Purpose: This study was undertaken to determine the prevalence of rigors associated with the use of urokinase (UK) and to assay for the presence of an endotoxin in the UK solution.
Patients and methods: Records of 75 patients who underwent 86 UK infusions between January 1988 and July 1992 were reviewed to evaluate for the development of UK-associated rigors. A modified chromogenic limulus amebocyte lysate (LAL) test was performed to determine the presence of endotoxin in four samples of UK from lots associated with rigors, one sample of UK not associated with rigors, sterile water, nonionic contrast medium, and ionic contrast medium.

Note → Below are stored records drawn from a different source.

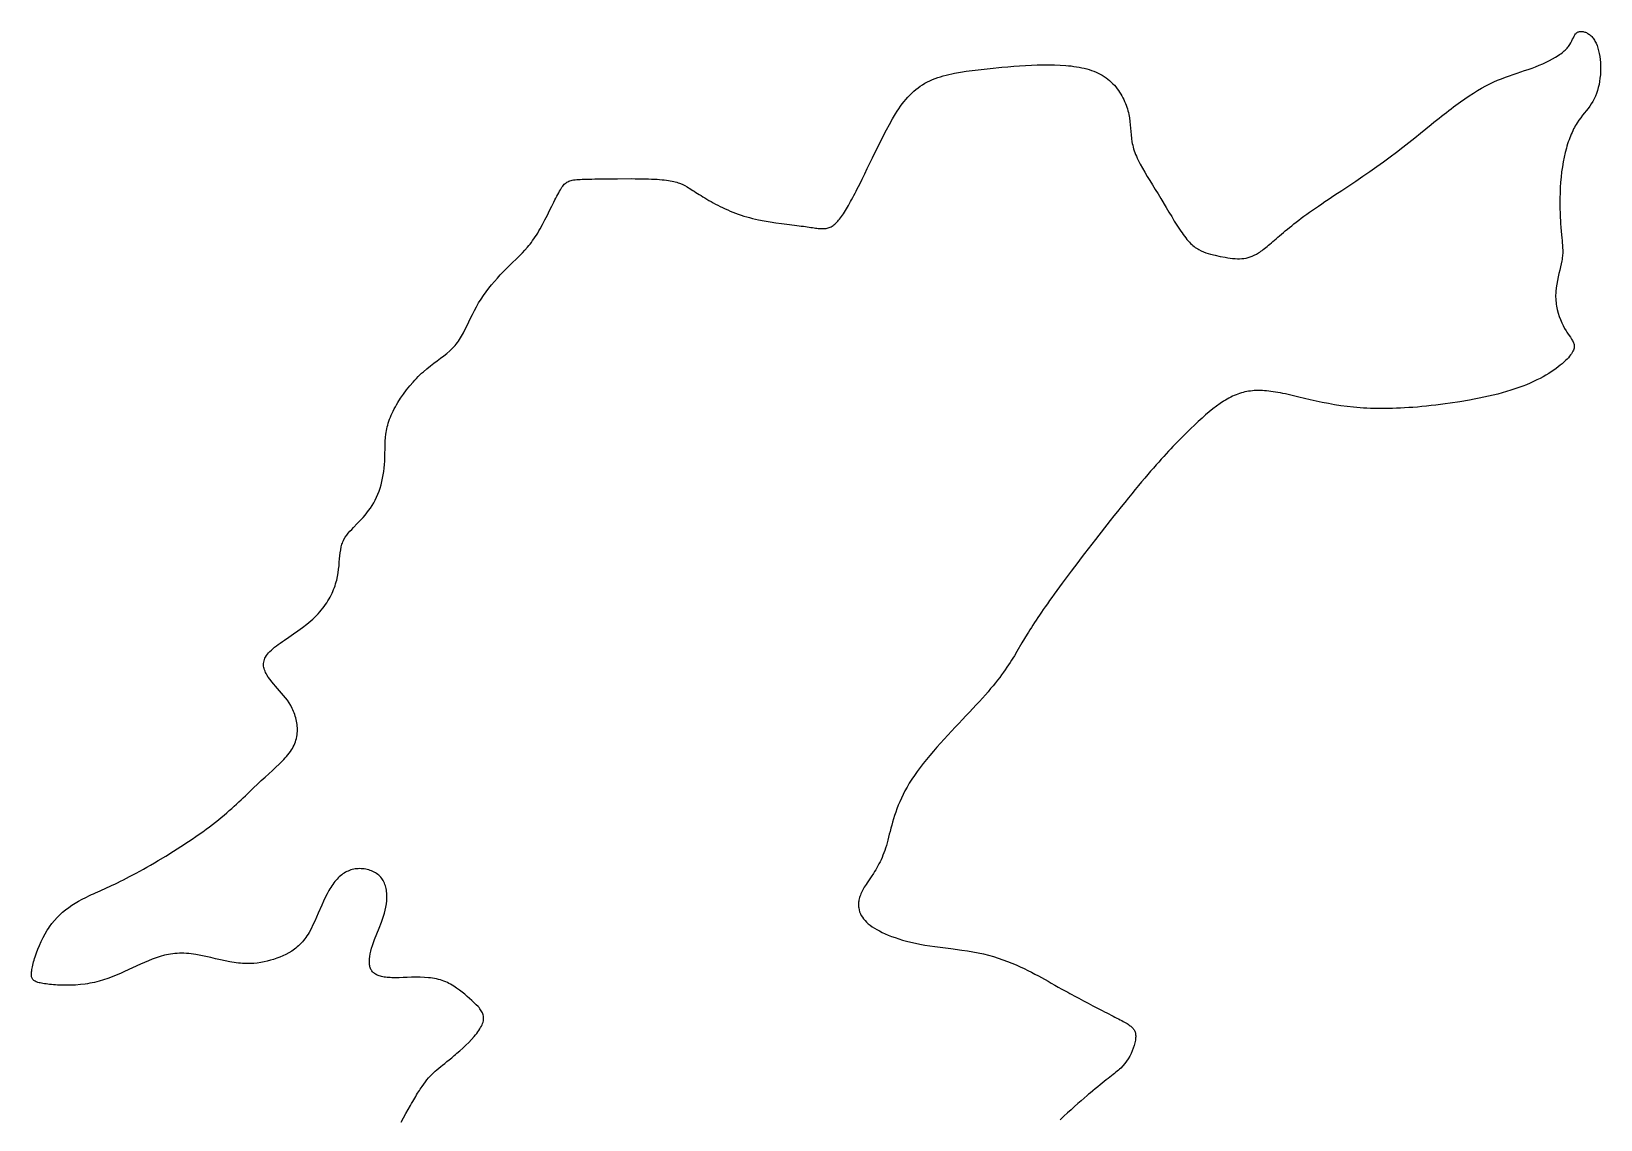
# Model space of a CAD drawing. Header units: millimetres. Extents: x -4796 to 5083, y -1235 to 8779.
# Drawn here: x 308 to 3919, y 6275 to 8779 of the extents above; entities that cross this region are included whole.
import ezdxf

# ---------------------------------------------------------------- set-up
doc = ezdxf.new("R2010")
doc.units = ezdxf.units.MM
doc.layers.add('170', color=7, linetype='Continuous')

msp = doc.modelspace()

# ---------------------------------------------------------------- linework, layer by layer
at = {"layer": '170', "elevation": 170}
msp.add_lwpolyline([(1159, 6269.7), (1164.6, 6279.5), (1170.1, 6289.3), (1175.4, 6298.8), (1180.6, 6308), (1183, 6312.5), (1185.5, 6316.8), (1187.9, 6321), (1190.2, 6325), (1192.4, 6328.9), (1194.6, 6332.6), (1196.8, 6336.1), (1198.9, 6339.5), (1201, 6342.8), (1203, 6345.9), (1205, 6348.9), (1207, 6351.8), (1210.8, 6357.3), (1214.6, 6362.3), (1218.3, 6367), (1222, 6371.4), (1225.7, 6375.5), (1229.5, 6379.4), (1233.3, 6383.1), (1237.2, 6386.7), (1241.3, 6390.2), (1245.5, 6393.8), (1249.9, 6397.3), (1254.4, 6401), (1259.2, 6404.8), (1264.3, 6408.9), (1269.6, 6413.1), (1275.2, 6417.7), (1278.1, 6420.2), (1281.1, 6422.7), (1284.2, 6425.3), (1287.4, 6428.1), (1294, 6433.9), (1300.8, 6440.1), (1307.6, 6446.5), (1314.4, 6453.2), (1320.9, 6460.1), (1327.1, 6467), (1330, 6470.4), (1332.7, 6473.8), (1335.3, 6477.3), (1337.7, 6480.6), (1339.9, 6484), (1341.9, 6487.3), (1343.7, 6490.5), (1345.2, 6493.7), (1346.5, 6496.8), (1347.5, 6499.8), (1348.2, 6502.8), (1348.6, 6505.6), (1348.7, 6508.4), (1348.6, 6511.1), (1348.3, 6513.7), (1347.7, 6516.3), (1346.9, 6518.8), (1345.9, 6521.2), (1344.7, 6523.7), (1343.3, 6526.1), (1341.7, 6528.4), (1340, 6530.7), (1338.1, 6533.1), (1336.1, 6535.4), (1331.7, 6539.9), (1326.9, 6544.5), (1321.8, 6549.2), (1316.4, 6553.9), (1310.9, 6558.8), (1305.2, 6563.8), (1299.2, 6568.7), (1293, 6573.5), (1286.6, 6578.2), (1279.8, 6582.7), (1272.7, 6586.8), (1269, 6588.8), (1265.3, 6590.6), (1261.4, 6592.4), (1257.4, 6594), (1253.4, 6595.5), (1249.2, 6596.8), (1244.9, 6598), (1240.5, 6599.1), (1236, 6600), (1231.4, 6600.8), (1226.7, 6601.4), (1222, 6601.9), (1212.3, 6602.6), (1202.4, 6602.9), (1192.5, 6603), (1182.7, 6602.8), (1173, 6602.5), (1163.6, 6602.2), (1154.5, 6602), (1150.1, 6601.9), (1145.8, 6601.8), (1141.7, 6601.8), (1137.7, 6601.9), (1133.8, 6602.1), (1130.2, 6602.3), (1126.6, 6602.6), (1123.3, 6603), (1120, 6603.4), (1117, 6604), (1114, 6604.6), (1111.3, 6605.3), (1108.6, 6606.1), (1106.2, 6607), (1103.8, 6607.9), (1101.6, 6609), (1099.6, 6610.2), (1097.7, 6611.4), (1096, 6612.8), (1094.4, 6614.2), (1092.9, 6615.8), (1091.6, 6617.4), (1090.4, 6619.2), (1089.4, 6621), (1088.5, 6623), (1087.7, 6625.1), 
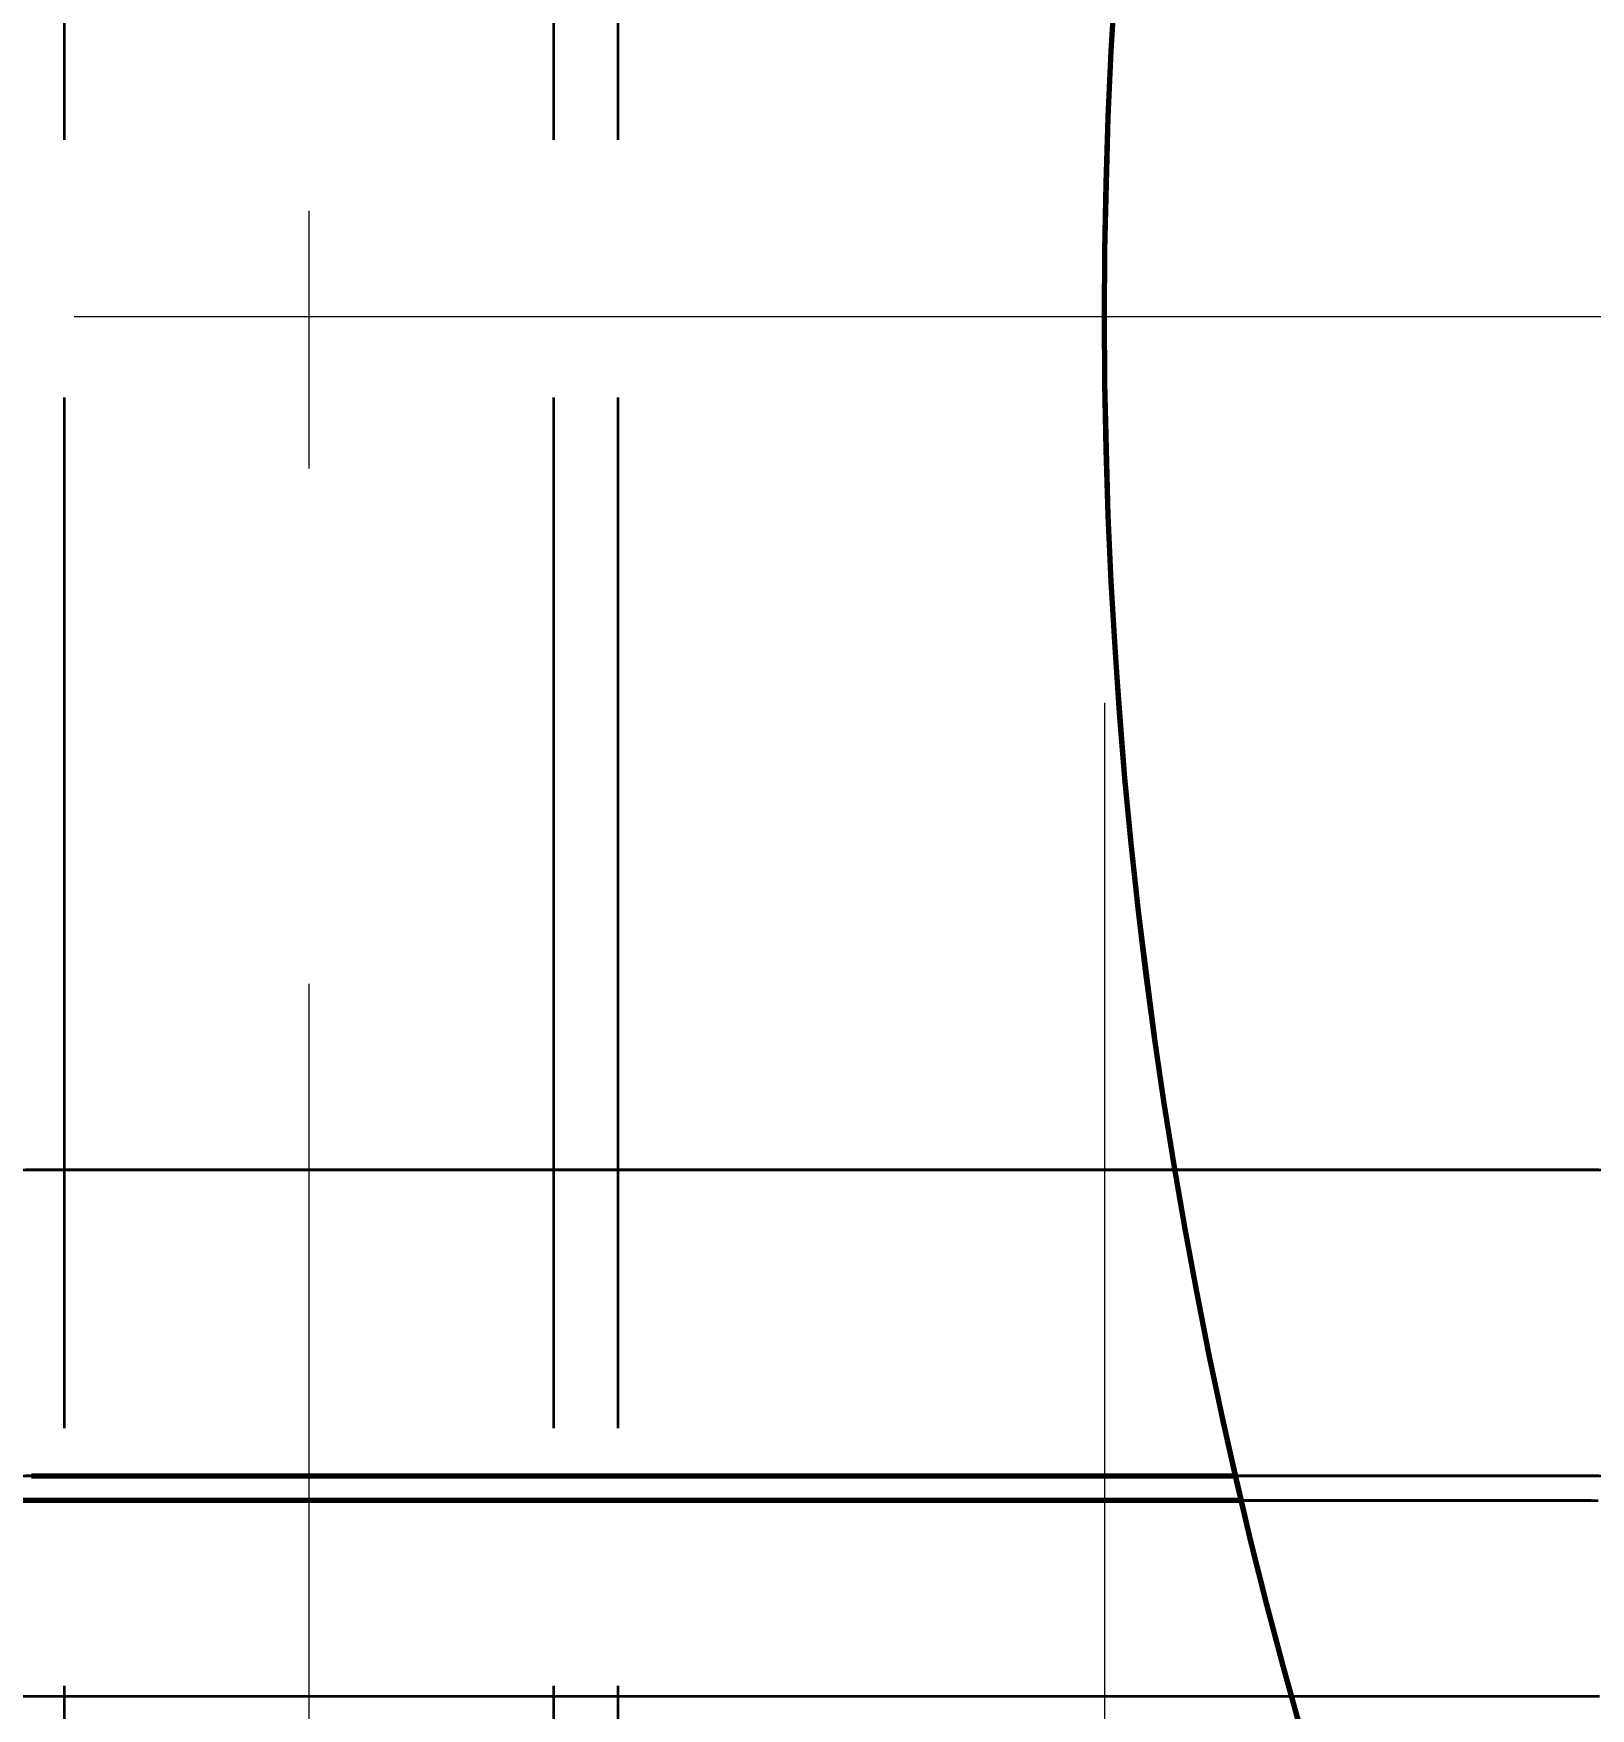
# Model space of a CAD drawing. Header units: millimetres. Extents: x 0 to 2382, y 0 to 420.
# Drawn here: x 293.84 to 299.89, y 224.6 to 231.1 of the extents above; entities that cross this region are included whole.
import ezdxf

# ---------------------------------------------------------------- set-up
doc = ezdxf.new("R2010")
doc.units = ezdxf.units.MM
doc.linetypes.add('IRAM-E-TRAZOS', pattern=[5, 4, -1])
doc.linetypes.add('IRAM-F-TRAZO-PUNTO', pattern=[20, 15, -2, 1, -2])
for name, color, linetype, lineweight in [('01-VISIBLE', 7, 'CONTINUOUS', 70), ('02-OCULTA', 4, 'IRAM-E-TRAZOS', 35), ('03-EJE', 1, 'IRAM-F-TRAZO-PUNTO', 18), ('04-COTA', 3, 'CONTINUOUS', 18)]:
    doc.layers.add(name, color=color, linetype=linetype, lineweight=lineweight)
doc.styles.add('ISO3098', font='isocpeur.ttf')
doc.dimstyles.new('FLAMA-IRAM', dxfattribs={"dimtxt": 3.5, "dimasz": 3.5, "dimexe": 2, "dimexo": 1.5, "dimgap": 1, "dimtad": 1, "dimdec": 1, "dimtxsty": 'ISO3098', "dimblk": 'IRAM_FLECHA', "dimblk1": 'IRAM_FLECHA', "dimblk2": 'IRAM_FLECHA', "dimcen": 2.5, "dimclrd": 256, "dimclre": 256, "dimclrt": 256, "dimazin": 3, "dimtfac": 1, "dimtmove": 0, "dimatfit": 3, "dimlwd": 18, "dimlwe": 18})

# ---------------------------------------------------------------- blocks, each defined once
blk = doc.blocks.new('IRAM_FLECHA')
blk.add_solid([(0, 0), (-1, 0.125), (-1, -0.125)])

msp = doc.modelspace()

# ---------------------------------------------------------------- linework, layer by layer
at = {"layer": '01-VISIBLE'}
for points in [[(293.835, 225.5), (293.8928, 225.5), (293.9505, 225.5), (294.0083, 225.5), (294.066, 225.5), (294.1238, 225.5), (294.1815, 225.5), (294.2393, 225.5), (294.297, 225.5), (294.3548, 225.5), (294.4125, 225.5), (294.4703, 225.5), (294.528, 225.5), (294.5858, 225.5), (294.6435, 225.5), (294.7013, 225.5), (294.759, 225.5), (294.8168, 225.5), (294.8745, 225.5), (294.9323, 225.5), (294.99, 225.5), (295.0478, 225.5), (295.1055, 225.5), (295.1633, 225.5), (295.221, 225.5), (295.2788, 225.5), (295.3365, 225.5), (295.3943, 225.5), (295.452, 225.5), (295.5098, 225.5), (295.5675, 225.5), (295.6253, 225.5), (295.683, 225.5), (295.7408, 225.5), (295.7985, 225.5), (295.8563, 225.5), (295.914, 225.5), (295.9718, 225.5), (296.0295, 225.5), (296.0873, 225.5), (296.145, 225.5), (296.2028, 225.5), (296.2605, 225.5), (296.3183, 225.5), (296.376, 225.5), (296.4338, 225.5), (296.4915, 225.5), (296.5493, 225.5), (296.607, 225.5), (296.6648, 225.5), (296.7225, 225.5), (296.7803, 225.5), (296.8381, 225.5), (296.8958, 225.5), (296.9536, 225.5), (297.0113, 225.5), (297.0691, 225.5), (297.1268, 225.5), (297.1846, 225.5), (297.2423, 225.5), (297.3001, 225.5), (297.3578, 225.5), (297.4156, 225.5), (297.4733, 225.5), (297.5311, 225.5), (297.5888, 225.5), (297.6466, 225.5), (297.7043, 225.5), (297.7621, 225.5), (297.8198, 225.5), (297.8776, 225.5), (297.9353, 225.5), (297.9931, 225.5), (298.0508, 225.5), (298.1086, 225.5), (298.1663, 225.5), (298.2241, 225.5), (298.2818, 225.5), (298.3396, 225.5), (298.3973, 225.5), (298.4551, 225.5), (298.5128, 225.5)], [(298.535, 225.405), (298.4778, 225.405), (298.4206, 225.405), (298.3634, 225.405), (298.3062, 225.405), (298.2489, 225.405), (298.1917, 225.405), (298.1345, 225.405), (298.0773, 225.405), (298.0201, 225.405), (297.9629, 225.405), (297.9057, 225.405), (297.8485, 225.405), (297.7912, 225.405), (297.734, 225.405), (297.6768, 225.405), (297.6196, 225.405), (297.5624, 225.405), (297.5052, 225.405), (297.448, 225.405), (297.3908, 225.405), (297.3335, 225.405), (297.2763, 225.405), (297.2191, 225.405), (297.1619, 225.405), (297.1047, 225.405), (297.0475, 225.405), (296.9903, 225.405), (296.9331, 225.405), (296.8758, 225.405), (296.8186, 225.405), (296.7614, 225.405), (296.7042, 225.405), (296.647, 225.405), (296.5898, 225.405), (296.5326, 225.405), (296.4754, 225.405), (296.4181, 225.405), (296.3609, 225.405), (296.3037, 225.405), (296.2465, 225.405), (296.1893, 225.405), (296.1321, 225.405), (296.0749, 225.405), (296.0177, 225.405), (295.9604, 225.405), (295.9032, 225.405), (295.846, 225.405), (295.7888, 225.405), (295.7316, 225.405), (295.6744, 225.405), (295.6172, 225.405), (295.56, 225.405), (295.5027, 225.405), (295.4455, 225.405), (295.3883, 225.405), (295.3311, 225.405), (295.2739, 225.405), (295.2167, 225.405), (295.1595, 225.405), (295.1023, 225.405), (295.045, 225.405), (294.9878, 225.405), (294.9306, 225.405), (294.8734, 225.405), (294.8162, 225.405), (294.759, 225.405), (294.7018, 225.405), (294.6446, 225.405), (294.5873, 225.405), (294.5301, 225.405), (294.4729, 225.405), (294.4157, 225.405), (294.3585, 225.405), (294.3013, 225.405), (294.2441, 225.405), (294.1869, 225.405), (294.1296, 225.405), (294.0724, 225.405), (294.0152, 225.405), (293.958, 225.405), (293.9008, 225.405), (293.8436, 225.405), (293.7864, 225.405)]]:
    msp.add_lwpolyline(points, dxfattribs=at)
msp.add_circle((318, 230), 20, dxfattribs=at)
at = {"layer": '02-OCULTA'}
for p, q in [((293.9625, 215.685), (293.9625, 330.1182)), ((295.8625, 215.685), (295.8625, 330.1182)), ((296.1125, 215.685), (296.1125, 330.1182))]:
    msp.add_line(p, q, dxfattribs=at)
for points in [[(293.771, 226.6875), (293.8661, 226.6875), (293.9612, 226.6875), (294.0564, 226.6875), (294.1515, 226.6875), (294.2466, 226.6875), (294.3417, 226.6875), (294.4369, 226.6875), (294.532, 226.6875), (294.6271, 226.6875), (294.7222, 226.6875), (294.8174, 226.6875), (294.9125, 226.6875), (295.0076, 226.6875), (295.1027, 226.6875), (295.1979, 226.6875), (295.293, 226.6875), (295.3881, 226.6875), (295.4832, 226.6875), (295.5784, 226.6875), (295.6735, 226.6875), (295.7686, 226.6875), (295.8637, 226.6875), (295.9589, 226.6875), (296.054, 226.6875), (296.1491, 226.6875), (296.2442, 226.6875), (296.3394, 226.6875), (296.4345, 226.6875), (296.5296, 226.6875), (296.6247, 226.6875), (296.7199, 226.6875), (296.815, 226.6875), (296.9101, 226.6875), (297.0052, 226.6875), (297.1004, 226.6875), (297.1955, 226.6875), (297.2906, 226.6875), (297.3857, 226.6875), (297.4809, 226.6875), (297.576, 226.6875), (297.6711, 226.6875), (297.7662, 226.6875), (297.8614, 226.6875), (297.9565, 226.6875), (298.0516, 226.6875), (298.1467, 226.6875), (298.2419, 226.6875), (298.337, 226.6875), (298.4321, 226.6875), (298.5272, 226.6875), (298.6224, 226.6875), (298.7175, 226.6875), (298.8126, 226.6875), (298.9077, 226.6875), (299.0029, 226.6875), (299.098, 226.6875), (299.1931, 226.6875), (299.2882, 226.6875), (299.3834, 226.6875), (299.4785, 226.6875), (299.5736, 226.6875), (299.6687, 226.6875), (299.7639, 226.6875), (299.859, 226.6875), (299.9541, 226.6875)], [(293.7995, 226.6875), (293.8922, 226.6875), (293.985, 226.6875), (294.0777, 226.6875), (294.1705, 226.6875), (294.2632, 226.6875), (294.356, 226.6875), (294.4487, 226.6875), (294.5415, 226.6875), (294.6342, 226.6875), (294.727, 226.6875), (294.8197, 226.6875), (294.9125, 226.6875), (295.0052, 226.6875), (295.098, 226.6875), (295.1907, 226.6875), (295.2835, 226.6875), (295.3762, 226.6875), (295.469, 226.6875), (295.5617, 226.6875), (295.6545, 226.6875), (295.7472, 226.6875), (295.84, 226.6875), (295.9327, 226.6875), (296.0255, 226.6875), (296.1182, 226.6875), (296.211, 226.6875), (296.3037, 226.6875), (296.3965, 226.6875), (296.4892, 226.6875), (296.582, 226.6875), (296.6747, 226.6875), (296.7675, 226.6875), (296.8602, 226.6875), (296.953, 226.6875), (297.0457, 226.6875), (297.1385, 226.6875), (297.2312, 226.6875), (297.324, 226.6875), (297.4167, 226.6875), (297.5095, 226.6875), (297.6022, 226.6875), (297.695, 226.6875), (297.7877, 226.6875), (297.8805, 226.6875), (297.9732, 226.6875), (298.066, 226.6875), (298.1587, 226.6875), (298.2515, 226.6875), (298.3442, 226.6875), (298.437, 226.6875), (298.5297, 226.6875), (298.6225, 226.6875), (298.7152, 226.6875), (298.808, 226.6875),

Results: Between January 1, 1988, and July 10, 1990, 43 patients underwent 46 UK treatments (group 1) with no documented rigors (0% prevalence). In 45 of these 46 treatments, a standard, non-pulse-spray bolus of 75,000-500,000 IU of UK (mean dose, 182,222 IU) was used. Between July 11, 1990, and July 6, 1992, 38 patients underwent 40 UK treatments (group 2). In 33 of these 40 treatments, a standard bolus was given. Five patients received a pulse-spray bolus. The mean bolus was 213,768 IU (range, 100,000-500,000 IU). Eleven group 2 patients developed rigors (28% prevalence; P = .0005 vs group 1). The chromogenic LAL tests demonstrated no endotoxin in sterile water, nonionic contrast media, or ionic contrast media. Endotoxin was detected in small concentrations in the four samples of UK associated with rigors and in the UK sample not associated with rigors.
Conclusion: The increase in the prevalence of rigors associated with the use of UK does not appear to be related to an endotoxin in UK, since the concentration of endotoxin detected is well below the threshold pyrogenic dose in humans.